Tulsa, Oklahoma - Mayor M. Susan Savage With the help of its $200,000 seed grant, Tulsa will create cleanup and redevelopment plans for 10 brownfields in its northwest neighborhoods, and explore financing and tax incentives.
Westfield, Massachusetts - Mayor Richard Sullivan, Jr. With the help of its $197,000 seed grant, Westfield will target a former boiler manufacturing facility -- which closed down four years ago -- for assessment, cleanup and redevelopment.
THE CLINTON ADMINISTRATION'S BROWNFIELDS REDEVELOPMENT INITIATIVE
Brownfields are abandoned pieces of land -- usually in inner city areas or surrounding communities -- that are lightly contaminated from previous industrial use. These sites do not qualify as Superfund toxic waste National Priority sites because they do not pose a serious public health risk to the community. However, because of the stigma of contamination and legal barriers to redevelopment, businesses do not buy the land and sites remain roped off, unproductive and vacant. Additionally, by redeveloping abandoned industrial property, "green" areas outside the city will be preserved.
Beginning in November 1993, the Clinton Administration has taken a series of actions to clean up and redevelop brownfields to return them to productive use in these communities:
Creating a national model: In November 1993, EPA Administrator Browner launched the Brownfields initiative with a $200,000 grant to Cleveland, Ohio for a pilot project with state and local officials to determine the best way to develop a national model for revitalizing these areas across the country. Since 1993, Cleveland has leveraged $4.5 million for environmental cleanup and improvements for the property. Several new businesses have located on the site, over 180 new jobs have been created and payroll tax base improvement alon e has netted over $1 million for the local economy.

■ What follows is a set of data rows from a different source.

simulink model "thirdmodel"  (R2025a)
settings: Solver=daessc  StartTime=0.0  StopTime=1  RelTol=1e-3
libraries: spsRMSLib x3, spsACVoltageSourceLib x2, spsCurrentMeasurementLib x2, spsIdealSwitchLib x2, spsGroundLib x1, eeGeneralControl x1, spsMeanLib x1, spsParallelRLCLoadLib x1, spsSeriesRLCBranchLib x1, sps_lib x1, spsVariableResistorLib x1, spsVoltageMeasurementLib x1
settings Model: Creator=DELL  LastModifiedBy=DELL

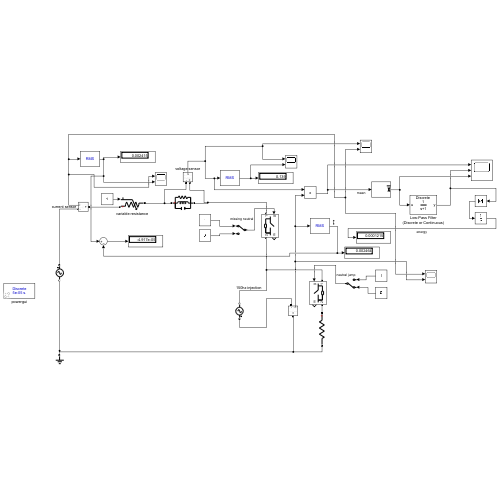
[thumbnail: Simulink's stored preview of the top-level diagram]
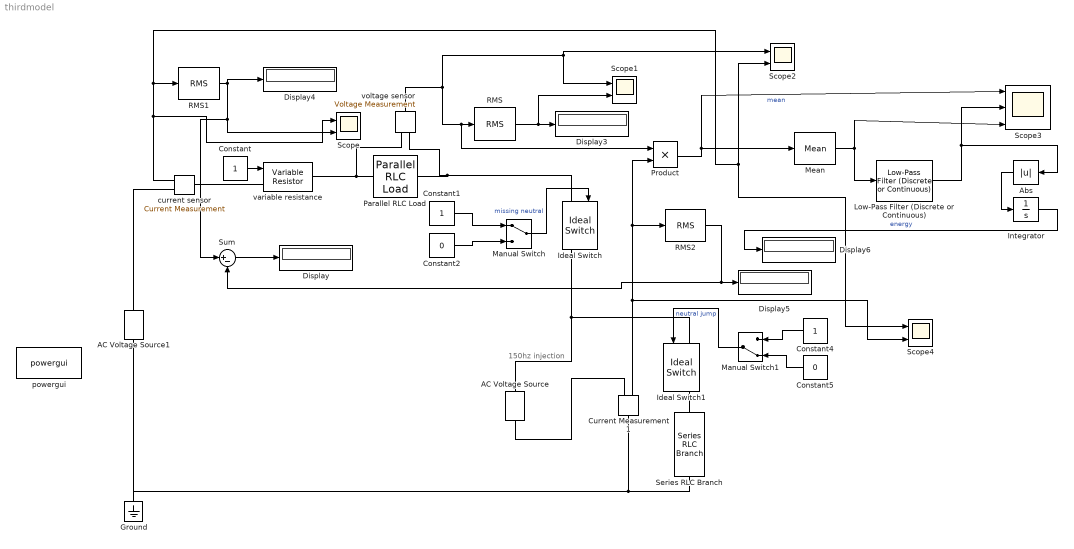
== system thirdmodel ==
  note: 150hz injection
  AC Voltage Source : spsACVoltageSourceLib/AC Voltage Source  Amplitude=40  Phase=0  Frequency=150  SampleTime=0  Measurements=None  BusType=swing  Pref=10e3  Qref=0  Qmin=-inf  Qmax=+inf
  AC Voltage Source1 : spsACVoltageSourceLib/AC Voltage Source  Amplitude=240*1.414  Phase=0  Frequency=50  SampleTime=0  Measurements=Voltage  BusType=swing  Pref=10e3  Qref=0  Qmin=-inf  Qmax=+inf
  Abs : Abs  SaturateOnIntegerOverflow=off
  Constant : Constant
  Constant1 : Constant
  Constant2 : Constant  Value=0
  Constant4 : Constant
  Constant5 : Constant  Value=0
  Current Measurement1 : spsCurrentMeasurementLib/Current Measurement  PhasorSimulation=off  OutputType=Complex  PSBequivalent=0
  Display{,3..6} (5 alike) : Display
  Ground : spsGroundLib/Ground  LConnTagsString=a
  Ideal Switch : spsIdealSwitchLib/Ideal Switch  Ron=0.001  Lon=0  IC=0  Rs=1e5  Cs=inf  Measurements=on
  Ideal Switch1 : spsIdealSwitchLib/Ideal Switch  Ron=0.00001  Lon=0  IC=0  Rs=1e5  Cs=inf  Measurements=on
  Integrator : Integrator
  Low-Pass Filter (Discrete or Continuous) : eeGeneralControl/Low-Pass Filter (Discrete or Continuous)  K=1  T=1  B=inf  A=-inf  init_option=Inherited from block input  x0=0  Ts=-1
  Manual Switch : ManualSwitch
  Manual Switch1 : ManualSwitch  CurrentSetting=0
  Mean : spsMeanLib/Mean  Freq=60  Vinit=0  Ts=0
  Parallel RLC Load : spsParallelRLCLoadLib/Parallel RLC Load  LConnTagsString=a  RConnTagsString=__new0  NominalVoltage=240  NominalFrequency=50  ActivePower=1000  InductivePower=100  CapacitivePower=100  Setx0=off  InitialVoltage=0  SetiL0=off  InitialCurrent=0  Measurements=None  LoadType=constant Z
      settings: AttributesFormatString=\n  LibrarySourceBlock=sps_lib/Passives/Parallel RLC Load
  Product : Product
  RMS : spsRMSLib/RMS  TrueRMS=on  Freq=50  RMSInit=120  Ts=0
  RMS1 : spsRMSLib/RMS  TrueRMS=on  Freq=50  RMSInit=120  Ts=0
  RMS2 : spsRMSLib/RMS  TrueRMS=on  Freq=50  RMSInit=120  Ts=0
  Scope{,1..2,4} (4 alike) : Scope  NumInputPorts=2
      Scope settings: ActiveDisplayYMinimum=-22.153677301376991  ActiveDisplayYMaximum=135.79485303348633
      Scope1 settings: ActiveDisplayYMinimum=-416.65401839919673  ActiveDisplayYMaximum=417.554375787498
      Scope2 settings: PlotAsMagnitudePhase=on  ActiveDisplayYMinimum=-62.378825783141679  ActiveDisplayYMaximum=376.17144070094577  DataLoggingVariableName=ScopeData2
      Scope4 settings: PlotAsMagnitudePhase=on  ActiveDisplayYMinimum=-0.69606419546097364  ActiveDisplayYMaximum=6.4990043729065166  DataLoggingVariableName=ScopeData4
  Scope3 : Scope  NumInputPorts=3
      settings: ActiveDisplayYMinimum=-223.92257300772079  ActiveDisplayYMaximum=1928.7058139870319  DataLoggingVariableName=ScopeData3
  Series RLC Branch : spsSeriesRLCBranchLib/Series RLC Branch  LConnTagsString=__new0  RConnTagsString=__new0  BranchType=R  Resistance=0.0001  Inductance=1e-3  SetiL0=off  InitialCurrent=0  Capacitance=1e-6  Setx0=off  InitialVoltage=0  Measurements=None
  Sum : Sum  Inputs=|+-
  current sensor : spsCurrentMeasurementLib/Current Measurement  PhasorSimulation=off  OutputType=Complex  PSBequivalent=0
  powergui : sps_lib/powergui  Priority=1  SimulationMode=Discrete  SampleTime=50e-6  frequency=60  Iterations=50  frequencyindice=50  Pbase=100e6  ErrMax=1e-4  UnitsV=kV  UnitsW=MW  buscounter=0  FunctionMessages=off  echomessages=off  EnableUseOfTLC=off  CurrentSourceSwitches=off  DisableSnubberDevices=off  DisableRonSwitches=off  DisableVfSwitches=off  DisplayEquations=off  AutomaticDiscreteSolvers=off  SolverType=Tustin/Backward Euler (TBE)  Interpol=off  ExternalGateDelay=off  methode=off  Ts=100  x0status=blocks  SPID=on  SwTol=0  HookPort=off  NonlinearTolerance=1e-4  nMaxIteration=100  ContinueOnMaxIteration=off  RestoreLinks=warning  ResistiveCurrentMeasurement=off  Frange=[0:2:500]  Ylog=off  Xlog=on  ShowGrid=off  save=off  variable=ZData  structure=0  ZoomFFT=off  StartTime=0.0  cycles=1  DisplayStyle=1  fundamental=60  FreqAxis=off  MaxFrequency=1000  frequencyindicesteady=1  RmsSteady=1  display=off
  variable resistance : spsVariableResistorLib/Variable Resistor  Rabsmin=1e-3
      settings: LibrarySourceBlock=sps_lib/Passives/Variable Resistor
  voltage sensor : spsVoltageMeasurementLib/Voltage Measurement  PhasorSimulation=off  OutputType=Complex  PSBequivalent=0
  wires:
  current sensor/1 -> Scope/1, RMS1/1, Scope4/1, Scope2/2
  Current Measurement1/1 -> Scope4/2, Product/2, RMS2/1
  voltage sensor/1 -> Product/1, RMS/1, Scope1/1, Scope2/1
  Constant/1 -> variable resistance/1
  RMS/1 -> Scope1/2, Display3/1
  RMS2/1 -> Sum/2, Display5/1
  RMS1/1 -> Sum/1, Scope/2, Display4/1
  Product/1 -> Scope3/1, Mean/1  "mean"
  Mean/1 -> Low-Pass Filter (Discrete or Continuous)/1, Scope3/3
  Abs/1 -> Integrator/1
  Integrator/1 -> Display6/1  "energy"
  Constant1/1 -> Manual Switch/1
  Constant2/1 -> Manual Switch/2
  Low-Pass Filter (Discrete or Continuous)/1 -> Scope3/2, Abs/1
  Manual Switch/1 -> Ideal Switch/1  "missing neutral"
  Constant5/1 -> Manual Switch1/2
  Manual Switch1/1 -> Ideal Switch1/1  "neutral jump"
  Constant4/1 -> Manual Switch1/1
  Sum/1 -> Display/1
  connections:
  Parallel RLC Load/RConn1 -- Ideal Switch/LConn1 -- voltage sensor/LConn1
  variable resistance/RConn1 -- voltage sensor/LConn2 -- Parallel RLC Load/LConn1
  current sensor/RConn1 -- AC Voltage Source1/RConn1
  current sensor/LConn1 -- variable resistance/LConn1
  Ideal Switch/RConn1 -- AC Voltage Source/LConn1 -- Ideal Switch1/LConn1
  Current Measurement1/LConn1 -- Ground/LConn1 -- AC Voltage Source1/LConn1 -- Series RLC Branch/RConn1
  Series RLC Branch/LConn1 -- Ideal Switch1/RConn1
  AC Voltage Source/RConn1 -- Current Measurement1/RConn1

Removing the barriers to development: Since January 1995, the Administration has removed the legal obstacles to development of brownfields sites by taking more than 30,000 sites off the Superfund inventory. By taking these low-priority sites off the list, we relieve potential developers of unnecessary red tape, remove the stigma of contamination, and get the sites on track for redevelopment.
Providing seed money: The Administration has met and exceeded its original goal to provide Brownfields seed money across the country, with a total of 113 such grants of up to $200,000 each underway. A total of nearly $20 million has been awarded to date. The program brings together people who live near contaminated land, businesses that want to get land cleaned up, community leaders, investors, lenders and developers. Together, they seek ways to restore abandoned sites to new uses -- increasing property values, stimulating tax revenues, creating jobs and job training opportunities, and revitalizing inner-city neighborhoods.
Tax Incentive and Budget Commitments: President Clinton's FY 1998 balanced budget plan contains a targeted tax incentive to spur the private sector to clean up and redevelop brownfields in economically distressed rural and urban areas. This $2 billion tax incentive is expected to leverage $10 billion in private sector investment, helping to revitalize some 30,000 brownfields sites. Under the proposal, businesses would be able to expense the costs of cleaning up these properties in the year in which the costs are incurred, rather than capitalizing such costs of the life of the property. This tax proposal will provide significant financial incentives for the private sector to revitalize these areas.